UPDATE 5-Belize steps closer to bond talks with ruling party win

* Belize centrist UDP narrowly re-elected

* Barrow wants lower rates, longer maturity for bond

* Tiny Central American country among top 20 debtors

By Krista Hughes

BELIZE CITY, March 8 (Reuters) - Belize’s centrist ruling party won a second term in power on Thursday, moving the tiny Central American country closer to a renegotiation of its $550 million overseas debt.

The ruling United Democratic Party (UDP) won a narrow majority in parliament, winning 17 seats in the 31-seat body while the opposition People’s United Party won 14, chief elections officer Josephine Tamai said, leaving the UDP well short of the 25-to-6 advantage it enjoyed in its first term.

Prime Minister Dean Barrow said before the vote that if re-elected his first act would be to obtain more favorable terms for Belize’s so-called superbond, which makes up half of the country’s debt and is equivalent to 40 percent of its gross domestic product.

“We are looking for a lower interest rate and a longer maturity period, beyond that I can’t go at this point,” Barrow told reporters on Thursday.

The interest rate on the bond stepped up to 8.5 percent this year and will account for 12 percent of estimated annual government revenue. The country of 313,000 people faces a further squeeze when principal repayments come due in 2019.

“The first thing that we do after being re-elected is to announce an appointment of a team to go and renegotiate that superbond,” Barrow said on Feb. 19.

Ratings agencies Moody’s Investors Service and Standard & Poors downgraded Belize’s foreign-currency sovereign rating well into ‘junk’ territory in February and both have warned weak growth and falling oil production could make the debt difficult to service.

“We need to renegotiate the bond because it’s a burden on the country,” interior decorator Nel Ayuso, 49, said in Belize City. “The economy was moving slowly and that had a lot to do with him (Barrow) losing support.”

Belize, about the same size as the U.S. state of Massachusetts, is better known for its laid-back atmosphere and pristine coral reefs than as an investment destination.

But the bonds’ inclusion in JP Morgan’s benchmark EMBI Global Index means they are likely held by more fund managers than the issue’s relatively small size suggests.
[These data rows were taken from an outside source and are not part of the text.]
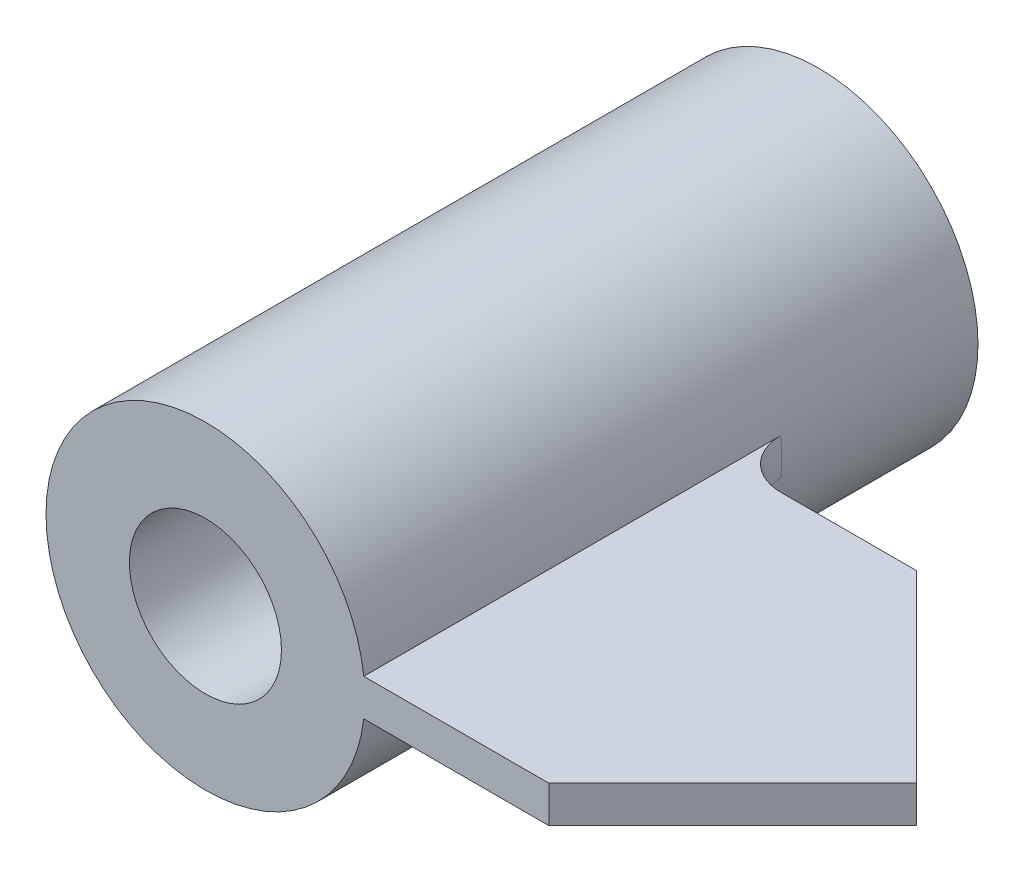
ISO-10303-21;
HEADER;
FILE_DESCRIPTION(('STEP AP214'),'2;1');
FILE_NAME('part.step','',(''),(''),'','','');
FILE_SCHEMA(('AUTOMOTIVE_DESIGN { 1 0 10303 214 1 1 1 1 }'));
ENDSEC;
DATA;
#1=APPLICATION_CONTEXT('core data for automotive mechanical design processes');
#2=APPLICATION_PROTOCOL_DEFINITION('international standard','automotive_design',2000,#1);
#3=PRODUCT_CONTEXT('',#1,'mechanical');
#4=PRODUCT('Part','Part','',(#3));
#5=PRODUCT_RELATED_PRODUCT_CATEGORY('part','',(#4));
#6=PRODUCT_DEFINITION_FORMATION('','',#4);
#7=PRODUCT_DEFINITION_CONTEXT('part definition',#1,'design');
#8=PRODUCT_DEFINITION('design','',#6,#7);
#9=PRODUCT_DEFINITION_SHAPE('','',#8);
#10=(LENGTH_UNIT() NAMED_UNIT(*) SI_UNIT(.MILLI.,.METRE.));
#11=(NAMED_UNIT(*) PLANE_ANGLE_UNIT() SI_UNIT($,.RADIAN.));
#12=(NAMED_UNIT(*) SI_UNIT($,.STERADIAN.) SOLID_ANGLE_UNIT());
#13=UNCERTAINTY_MEASURE_WITH_UNIT(LENGTH_MEASURE(1.E-05),#10,'distance_accuracy_value','');
#14=(GEOMETRIC_REPRESENTATION_CONTEXT(3) GLOBAL_UNCERTAINTY_ASSIGNED_CONTEXT((#13)) GLOBAL_UNIT_ASSIGNED_CONTEXT((#10,
#11,#12)) REPRESENTATION_CONTEXT('',''));
#15=CARTESIAN_POINT('',(0.,0.,0.));
#16=DIRECTION('',(0.,0.,1.));
#17=DIRECTION('',(1.,0.,0.));
#18=AXIS2_PLACEMENT_3D('',#15,#16,#17);
#19=CARTESIAN_POINT('',(0.,0.,55.));
#20=DIRECTION('',(0.,0.,-1.));
#21=DIRECTION('',(-1.,0.,0.));
#22=AXIS2_PLACEMENT_3D('',#19,#20,#21);
#23=CYLINDRICAL_SURFACE('',#22,6.5);
#24=CARTESIAN_POINT('',(0.,0.,63.));
#25=DIRECTION('',(0.,0.,-1.));
#26=DIRECTION('',(-1.,0.,0.));
#27=AXIS2_PLACEMENT_3D('',#24,#25,#26);
#28=CIRCLE('',#27,6.5);
#29=CARTESIAN_POINT('',(6.45659939920817,0.749882789604303,63.));
#30=VERTEX_POINT('',#29);
#31=CARTESIAN_POINT('',(6.45658578507248,-0.750000000000005,63.));
#32=VERTEX_POINT('',#31);
#33=EDGE_CURVE('E122',#30,#32,#28,.T.);
#34=ORIENTED_EDGE('',*,*,#33,.T.);
#35=DIRECTION('',(0.,0.,-1.));
#36=VECTOR('',#35,1.);
#37=CARTESIAN_POINT('',(6.45658578507248,-0.750000000000005,55.));
#38=LINE('',#37,#36);
#39=CARTESIAN_POINT('',(6.45658578507248,-0.750000000000005,80.));
#40=VERTEX_POINT('',#39);
#41=EDGE_CURVE('E106',#32,#40,#38,.F.);
#42=ORIENTED_EDGE('',*,*,#41,.T.);
#43=CARTESIAN_POINT('',(0.,0.,80.));
#44=DIRECTION('',(0.,0.,1.));
#45=DIRECTION('',(1.,0.,0.));
#46=AXIS2_PLACEMENT_3D('',#43,#44,#45);
#47=CIRCLE('',#46,6.5);
#48=CARTESIAN_POINT('',(6.45659939920817,0.749882789604303,80.));
#49=VERTEX_POINT('',#48);
#50=EDGE_CURVE('E120',#49,#40,#47,.T.);
#51=ORIENTED_EDGE('',*,*,#50,.F.);
#52=DIRECTION('',(0.,0.,-1.));
#53=VECTOR('',#52,1.);
#54=CARTESIAN_POINT('',(6.45659939920817,0.749882789604303,55.));
#55=LINE('',#54,#53);
#56=EDGE_CURVE('E123',#49,#30,#55,.T.);
#57=ORIENTED_EDGE('',*,*,#56,.T.);
#58=EDGE_LOOP('',(#34,#42,#51,#57));
#59=FACE_BOUND('',#58,.T.);
#60=CARTESIAN_POINT('',(0.,0.,55.));
#61=DIRECTION('',(0.,0.,-1.));
#62=DIRECTION('',(-1.,0.,0.));
#63=AXIS2_PLACEMENT_3D('',#60,#61,#62);
#64=CIRCLE('',#63,6.5);
#65=CARTESIAN_POINT('',(-6.5,0.,55.));
#66=VERTEX_POINT('',#65);
#67=EDGE_CURVE('E146',#66,#66,#64,.T.);
#68=ORIENTED_EDGE('',*,*,#67,.F.);
#69=EDGE_LOOP('',(#68));
#70=FACE_BOUND('',#69,.T.);
#71=ADVANCED_FACE('F46',(#59,#70),#23,.T.);
#72=CARTESIAN_POINT('',(0.,0.,80.));
#73=DIRECTION('',(0.,0.,1.));
#74=DIRECTION('',(1.,0.,0.));
#75=AXIS2_PLACEMENT_3D('',#72,#73,#74);
#76=PLANE('',#75);
#77=DIRECTION('',(1.,0.,0.));
#78=VECTOR('',#77,1.);
#79=CARTESIAN_POINT('',(21.5,-0.750000000000002,80.));
#80=LINE('',#79,#78);
#81=CARTESIAN_POINT('',(14.,-0.750000000000003,80.));
#82=VERTEX_POINT('',#81);
#83=EDGE_CURVE('E103',#40,#82,#80,.T.);
#84=ORIENTED_EDGE('',*,*,#83,.T.);
#85=DIRECTION('',(0.,1.,0.));
#86=VECTOR('',#85,1.);
#87=CARTESIAN_POINT('',(14.,0.,80.));
#88=LINE('',#87,#86);
#89=CARTESIAN_POINT('',(14.,0.749882789604304,80.));
#90=VERTEX_POINT('',#89);
#91=EDGE_CURVE('E129',#82,#90,#88,.T.);
#92=ORIENTED_EDGE('',*,*,#91,.T.);
#93=DIRECTION('',(-1.,0.,0.));
#94=VECTOR('',#93,1.);
#95=CARTESIAN_POINT('',(21.5,0.749882789604305,80.));
#96=LINE('',#95,#94);
#97=EDGE_CURVE('E113',#90,#49,#96,.T.);
#98=ORIENTED_EDGE('',*,*,#97,.T.);
#99=ORIENTED_EDGE('',*,*,#50,.T.);
#100=EDGE_LOOP('',(#84,#92,#98,#99));
#101=FACE_BOUND('',#100,.T.);
#102=CARTESIAN_POINT('',(0.,0.,80.));
#103=DIRECTION('',(0.,0.,1.));
#104=DIRECTION('',(1.,0.,0.));
#105=AXIS2_PLACEMENT_3D('',#102,#103,#104);
#106=CIRCLE('',#105,3.1);
#107=CARTESIAN_POINT('',(3.1,0.,80.));
#108=VERTEX_POINT('',#107);
#109=EDGE_CURVE('E188',#108,#108,#106,.T.);
#110=ORIENTED_EDGE('',*,*,#109,.F.);
#111=EDGE_LOOP('',(#110));
#112=FACE_BOUND('',#111,.T.);
#113=ADVANCED_FACE('F125',(#101,#112),#76,.T.);
#114=CARTESIAN_POINT('',(21.5,-0.750000000000002,65.));
#115=DIRECTION('',(0.,-1.,0.));
#116=DIRECTION('',(1.,0.,0.));
#117=AXIS2_PLACEMENT_3D('',#114,#115,#116);
#118=PLANE('',#117);
#119=DIRECTION('',(-0.707106781186549,0.,-0.707106781186547));
#120=VECTOR('',#119,1.);
#121=CARTESIAN_POINT('',(17.75,-0.750000000000003,68.75));
#122=LINE('',#121,#120);
#123=CARTESIAN_POINT('',(14.,-0.750000000000003,65.));
#124=VERTEX_POINT('',#123);
#125=CARTESIAN_POINT('',(21.5,-0.750000000000002,72.5));
#126=VERTEX_POINT('',#125);
#127=EDGE_CURVE('E138',#124,#126,#122,.F.);
#128=ORIENTED_EDGE('',*,*,#127,.T.);
#129=DIRECTION('',(0.707106781186547,0.,-0.707106781186549));
#130=VECTOR('',#129,1.);
#131=CARTESIAN_POINT('',(25.25,-0.750000000000001,68.75));
#132=LINE('',#131,#130);
#133=EDGE_CURVE('E108',#126,#82,#132,.F.);
#134=ORIENTED_EDGE('',*,*,#133,.T.);
#135=ORIENTED_EDGE('',*,*,#83,.F.);
#136=ORIENTED_EDGE('',*,*,#41,.F.);
#137=CARTESIAN_POINT('',(6.45658578507248,-0.750000000000005,63.));
#138=CARTESIAN_POINT('',(6.456585895016,-0.750000000000005,63.0560199511624));
#139=CARTESIAN_POINT('',(6.45895679287373,-0.750000000000005,63.1120129419453));
#140=CARTESIAN_POINT('',(6.46841351466681,-0.750000000000005,63.2235956415496));
#141=CARTESIAN_POINT('',(6.47549903271538,-0.750000000000005,63.2791853762978));
#142=CARTESIAN_POINT('',(6.50375284683669,-0.750000000000005,63.4446307390919));
#143=CARTESIAN_POINT('',(6.53191863347822,-0.750000000000005,63.5533739931093));
#144=CARTESIAN_POINT('',(6.60609047779167,-0.750000000000005,63.7645789486701));
#145=CARTESIAN_POINT('',(6.65210361858612,-0.750000000000005,63.8670381375206));
#146=CARTESIAN_POINT('',(6.76061749712723,-0.750000000000005,64.0628165652593));
#147=CARTESIAN_POINT('',(6.82311645382108,-0.750000000000005,64.1561367899872));
#148=CARTESIAN_POINT('',(6.96303625893643,-0.750000000000005,64.3313409786712));
#149=CARTESIAN_POINT('',(7.04050719813571,-0.750000000000005,64.4131849149133));
#150=CARTESIAN_POINT('',(7.20803612323553,-0.750000000000005,64.5628147915133));
#151=CARTESIAN_POINT('',(7.29809675944917,-0.750000000000005,64.6305977643527));
#152=CARTESIAN_POINT('',(7.48881064938792,-0.750000000000005,64.7505779035188));
#153=CARTESIAN_POINT('',(7.58952431661966,-0.750000000000004,64.802678942414));
#154=CARTESIAN_POINT('',(7.79822943150194,-0.750000000000004,64.8892755182759));
#155=CARTESIAN_POINT('',(7.90621692882678,-0.750000000000004,64.9237805255339));
#156=CARTESIAN_POINT('',(8.09015172744773,-0.750000000000004,64.9659511133814));
#157=CARTESIAN_POINT('',(8.16497154279755,-0.750000000000004,64.9787098808429));
#158=CARTESIAN_POINT('',(8.31546626925198,-0.750000000000004,64.9957336912368));
#159=CARTESIAN_POINT('',(8.3911398565467,-0.750000000000004,65.0000104414957));
#160=CARTESIAN_POINT('',(8.46684711093805,-0.750000000000004,65.));
#161=B_SPLINE_CURVE_WITH_KNOTS('',3,(#137,#138,#139,#140,#141,#142,#143,#144,#145,#146,#147,
#148,#149,#150,#151,#152,#153,#154,#155,#156,#157,#158,#159,#160),.UNSPECIFIED.,.F.,.F.,(4,2,2,
2,2,2,2,2,2,2,2,4),(0.,0.167956217268491,0.335901538520614,0.671165884098674,1.00656342321577,
1.34192474233363,1.67842811366767,2.0150024308002,2.3535997320963,2.69201460542254,
2.91926439815595,3.14620030986883),.UNSPECIFIED.);
#162=CARTESIAN_POINT('',(8.46684711093805,-0.750000000000004,65.));
#163=VERTEX_POINT('',#162);
#164=EDGE_CURVE('E60',#32,#163,#161,.T.);
#165=ORIENTED_EDGE('',*,*,#164,.T.);
#166=DIRECTION('',(1.,0.,0.));
#167=VECTOR('',#166,1.);
#168=CARTESIAN_POINT('',(21.5,-0.750000000000002,65.));
#169=LINE('',#168,#167);
#170=EDGE_CURVE('E178',#163,#124,#169,.T.);
#171=ORIENTED_EDGE('',*,*,#170,.T.);
#172=EDGE_LOOP('',(#128,#134,#135,#136,#165,#171));
#173=FACE_BOUND('',#172,.T.);
#174=ADVANCED_FACE('F105',(#173),#118,.T.);
#175=CARTESIAN_POINT('',(21.5,0.749882789604305,65.));
#176=DIRECTION('',(0.,1.,0.));
#177=DIRECTION('',(-1.,0.,0.));
#178=AXIS2_PLACEMENT_3D('',#175,#176,#177);
#179=PLANE('',#178);
#180=ORIENTED_EDGE('',*,*,#97,.F.);
#181=DIRECTION('',(-0.707106781186547,0.,0.707106781186549));
#182=VECTOR('',#181,1.);
#183=CARTESIAN_POINT('',(25.25,0.749882789604306,68.75));
#184=LINE('',#183,#182);
#185=CARTESIAN_POINT('',(21.5,0.749882789604305,72.5));
#186=VERTEX_POINT('',#185);
#187=EDGE_CURVE('E136',#90,#186,#184,.F.);
#188=ORIENTED_EDGE('',*,*,#187,.T.);
#189=DIRECTION('',(0.707106781186549,0.,0.707106781186547));
#190=VECTOR('',#189,1.);
#191=CARTESIAN_POINT('',(17.75,0.749882789604305,68.75));
#192=LINE('',#191,#190);
#193=CARTESIAN_POINT('',(14.,0.749882789604304,65.));
#194=VERTEX_POINT('',#193);
#195=EDGE_CURVE('E131',#186,#194,#192,.F.);
#196=ORIENTED_EDGE('',*,*,#195,.T.);
#197=DIRECTION('',(-1.,0.,0.));
#198=VECTOR('',#197,1.);
#199=CARTESIAN_POINT('',(21.5,0.749882789604305,65.));
#200=LINE('',#199,#198);
#201=CARTESIAN_POINT('',(8.46685749270975,0.749882789604303,65.));
#202=VERTEX_POINT('',#201);
#203=EDGE_CURVE('E180',#194,#202,#200,.T.);
#204=ORIENTED_EDGE('',*,*,#203,.T.);
#205=CARTESIAN_POINT('',(8.46685749270975,0.749882789604303,65.));
#206=CARTESIAN_POINT('',(8.41012616543038,0.749882789604303,64.9999995340136));
#207=CARTESIAN_POINT('',(8.35342214879016,0.749882789604303,64.9976034725925));
#208=CARTESIAN_POINT('',(8.24041999840883,0.749882789604303,64.9880462569389));
#209=CARTESIAN_POINT('',(8.18412184468557,0.749882789604303,64.9808853389404));
#210=CARTESIAN_POINT('',(8.01653170826635,0.749882789604303,64.9523242751285));
#211=CARTESIAN_POINT('',(7.90636214433129,0.749882789604303,64.9238456296738));
#212=CARTESIAN_POINT('',(7.69236958664806,0.749882789604303,64.8488016322939));
#213=CARTESIAN_POINT('',(7.58854962209191,0.749882789604303,64.8022277244036));
#214=CARTESIAN_POINT('',(7.39021225824501,0.749882789604303,64.6923038455143));
#215=CARTESIAN_POINT('',(7.29569316847248,0.749882789604303,64.6289569308491));
#216=CARTESIAN_POINT('',(7.11873744388704,0.749882789604303,64.4873156415015));
#217=CARTESIAN_POINT('',(7.0362912874857,0.749882789604303,64.4090331595364));
#218=CARTESIAN_POINT('',(6.88576169049443,0.749882789604303,64.2396653437029));
#219=CARTESIAN_POINT('',(6.81768087890574,0.749882789604303,64.1485776714307));
#220=CARTESIAN_POINT('',(6.6981557009222,0.749882789604303,63.9566021671673));
#221=CARTESIAN_POINT('',(6.64664432836457,0.749882789604303,63.8557560084287));
#222=CARTESIAN_POINT('',(6.56142925946528,0.749882789604303,63.6468338011364));
#223=CARTESIAN_POINT('',(6.5277134999837,0.749882789604303,63.5387627062934));
#224=CARTESIAN_POINT('',(6.48784285396162,0.749882789604303,63.3583068804657));
#225=CARTESIAN_POINT('',(6.47613406639754,0.749882789604303,63.2871010564251));
#226=CARTESIAN_POINT('',(6.46051345512654,0.749882789604303,63.1439406441085));
#227=CARTESIAN_POINT('',(6.45659071845711,0.749882789604303,63.0719872461285));
#228=CARTESIAN_POINT('',(6.45659939920817,0.749882789604303,63.));
#229=B_SPLINE_CURVE_WITH_KNOTS('',3,(#205,#206,#207,#208,#209,#210,#211,#212,#213,#214,#215,
#216,#217,#218,#219,#220,#221,#222,#223,#224,#225,#226,#227,#228),.UNSPECIFIED.,.F.,.F.,(4,2,2,
2,2,2,2,2,2,2,2,4),(0.,0.170089231919791,0.34017003171935,0.679792855873611,1.01957645936085,
1.35929819091821,1.69875053339453,2.038264945254,2.37638859016255,2.71428273534266,
2.93037488569705,3.14616394588164),.UNSPECIFIED.);
#230=EDGE_CURVE('E12',#202,#30,#229,.T.);
#231=ORIENTED_EDGE('',*,*,#230,.T.);
#232=ORIENTED_EDGE('',*,*,#56,.F.);
#233=EDGE_LOOP('',(#180,#188,#196,#204,#231,#232));
#234=FACE_BOUND('',#233,.T.);
#235=ADVANCED_FACE('F156',(#234),#179,.T.);
#236=CARTESIAN_POINT('',(0.,0.,65.));
#237=DIRECTION('',(0.,0.,-1.));
#238=DIRECTION('',(-1.,0.,0.));
#239=AXIS2_PLACEMENT_3D('',#236,#237,#238);
#240=PLANE('',#239);
#241=ORIENTED_EDGE('',*,*,#170,.F.);
#242=CARTESIAN_POINT('',(0.,0.,65.));
#243=DIRECTION('',(0.,0.,-1.));
#244=DIRECTION('',(-1.,0.,0.));
#245=AXIS2_PLACEMENT_3D('',#242,#243,#244);
#246=CIRCLE('',#245,8.5);
#247=EDGE_CURVE('E73',#163,#202,#246,.F.);
#248=ORIENTED_EDGE('',*,*,#247,.T.);
#249=ORIENTED_EDGE('',*,*,#203,.F.);
#250=DIRECTION('',(0.,-1.,0.));
#251=VECTOR('',#250,1.);
#252=CARTESIAN_POINT('',(14.,0.,65.));
#253=LINE('',#252,#251);
#254=EDGE_CURVE('E141',#194,#124,#253,.T.);
#255=ORIENTED_EDGE('',*,*,#254,.T.);
#256=EDGE_LOOP('',(#241,#248,#249,#255));
#257=FACE_BOUND('',#256,.T.);
#258=ADVANCED_FACE('F168',(#257),#240,.T.);
#259=CARTESIAN_POINT('',(21.5,-0.750000000000002,72.5));
#260=DIRECTION('',(-0.707106781186546,0.,0.707106781186548));
#261=DIRECTION('',(0.,1.,0.));
#262=AXIS2_PLACEMENT_3D('',#259,#260,#261);
#263=PLANE('',#262);
#264=DIRECTION('',(0.,1.,0.));
#265=VECTOR('',#264,1.);
#266=CARTESIAN_POINT('',(21.5,-0.750000000000002,72.5));
#267=LINE('',#266,#265);
#268=EDGE_CURVE('E114',#126,#186,#267,.T.);
#269=ORIENTED_EDGE('',*,*,#268,.F.);
#270=ORIENTED_EDGE('',*,*,#127,.F.);
#271=ORIENTED_EDGE('',*,*,#254,.F.);
#272=ORIENTED_EDGE('',*,*,#195,.F.);
#273=EDGE_LOOP('',(#269,#270,#271,#272));
#274=FACE_BOUND('',#273,.T.);
#275=ADVANCED_FACE('F165',(#274),#263,.F.);
#276=CARTESIAN_POINT('',(14.,0.,80.));
#277=DIRECTION('',(-0.707106781186549,0.,-0.707106781186547));
#278=DIRECTION('',(0.,1.,0.));
#279=AXIS2_PLACEMENT_3D('',#276,#277,#278);
#280=PLANE('',#279);
#281=ORIENTED_EDGE('',*,*,#133,.F.);
#282=ORIENTED_EDGE('',*,*,#268,.T.);
#283=ORIENTED_EDGE('',*,*,#187,.F.);
#284=ORIENTED_EDGE('',*,*,#91,.F.);
#285=EDGE_LOOP('',(#281,#282,#283,#284));
#286=FACE_BOUND('',#285,.T.);
#287=ADVANCED_FACE('F163',(#286),#280,.F.);
#288=CARTESIAN_POINT('',(0.,0.,63.));
#289=DIRECTION('',(0.,0.,-1.));
#290=DIRECTION('',(-1.,0.,0.));
#291=AXIS2_PLACEMENT_3D('',#288,#289,#290);
#292=TOROIDAL_SURFACE('',#291,8.5,2.);
#293=ORIENTED_EDGE('',*,*,#230,.F.);
#294=ORIENTED_EDGE('',*,*,#247,.F.);
#295=ORIENTED_EDGE('',*,*,#164,.F.);
#296=ORIENTED_EDGE('',*,*,#33,.F.);
#297=EDGE_LOOP('',(#293,#294,#295,#296));
#298=FACE_BOUND('',#297,.T.);
#299=ADVANCED_FACE('F48',(#298),#292,.F.);
#300=CARTESIAN_POINT('',(0.,0.,55.));
#301=DIRECTION('',(0.,0.,-1.));
#302=DIRECTION('',(-1.,0.,0.));
#303=AXIS2_PLACEMENT_3D('',#300,#301,#302);
#304=PLANE('',#303);
#305=ORIENTED_EDGE('',*,*,#67,.T.);
#306=EDGE_LOOP('',(#305));
#307=FACE_BOUND('',#306,.T.);
#308=CARTESIAN_POINT('',(0.,0.,55.));
#309=DIRECTION('',(0.,0.,1.));
#310=DIRECTION('',(1.,0.,0.));
#311=AXIS2_PLACEMENT_3D('',#308,#309,#310);
#312=CIRCLE('',#311,3.1);
#313=CARTESIAN_POINT('',(3.1,0.,55.));
#314=VERTEX_POINT('',#313);
#315=EDGE_CURVE('E187',#314,#314,#312,.T.);
#316=ORIENTED_EDGE('',*,*,#315,.T.);
#317=EDGE_LOOP('',(#316));
#318=FACE_BOUND('',#317,.T.);
#319=ADVANCED_FACE('F194',(#307,#318),#304,.T.);
#320=CARTESIAN_POINT('',(0.,0.,55.));
#321=DIRECTION('',(0.,0.,1.));
#322=DIRECTION('',(1.,0.,0.));
#323=AXIS2_PLACEMENT_3D('',#320,#321,#322);
#324=CYLINDRICAL_SURFACE('',#323,3.1);
#325=ORIENTED_EDGE('',*,*,#315,.F.);
#326=EDGE_LOOP('',(#325));
#327=FACE_BOUND('',#326,.T.);
#328=ORIENTED_EDGE('',*,*,#109,.T.);
#329=EDGE_LOOP('',(#328));
#330=FACE_BOUND('',#329,.T.);
#331=ADVANCED_FACE('F196',(#327,#330),#324,.F.);
#332=CLOSED_SHELL('',(#71,#113,#174,#235,#258,#275,#287,#299,#319,#331));
#333=MANIFOLD_SOLID_BREP('B2',#332);
#334=ADVANCED_BREP_SHAPE_REPRESENTATION('',(#18,#333),#14);
#335=SHAPE_DEFINITION_REPRESENTATION(#9,#334);
ENDSEC;
END-ISO-10303-21;

Belize’s debt rose a point in price on news of the poll result to bid 51 cents on the dollar, pushing the yield down to 19.23 percent, well short of the 24 percent high reached on Feb. 10. But the yield over U.S. Treasuries is still 1,722.87 basis points, well above levels for highly speculative nations such as Iraq or Venezuela, according to Reuters data.

BOND ACTIONS EYED

“The market has chosen to view the situation from a benign standpoint. My view is that it’s in the best interest of the government to negotiate a reasonable agreement but it could turn ugly if they choose not to,” said JP Morgan analyst Franco Uccelli. “Now that the election is behind us they will probably regroup and see what the best course of action is.”

So far Barrow, a 61-year-old lawyer, has given no details of what he might suggest to creditors. Analysts said outright default was unlikely but options might include a request for lower interest rates, delayed principal repayment, cash-flow relief or an extended maturity on the 2029 bond.

Boris Segura, a Latin American strategist at Nomura Securities, said the coupon could be lowered to as little as 5 percent and the maturity pushed out to 2042.

“If they restructure the debt and achieve fiscal consolidation, which hasn’t been the case for the last few years, that would bring lower interest rates which will help growth,” he said, adding the bonds were attractively priced.

Belize’s total debt accounts for about 80 percent of GDP, or $3,200 per capita - lower than the 150 percent debt ratio Argentina had when it defaulted in 2002, but well above the sub-10 percent Ecuador enjoyed at the time of its 2008 default.

International Monetary Fund estimates show Belize, whose $1.25 billion economy relies heavily on tourism and agricultural exports like sugar and bananas, was the world’s 13th most indebted nation in 2011.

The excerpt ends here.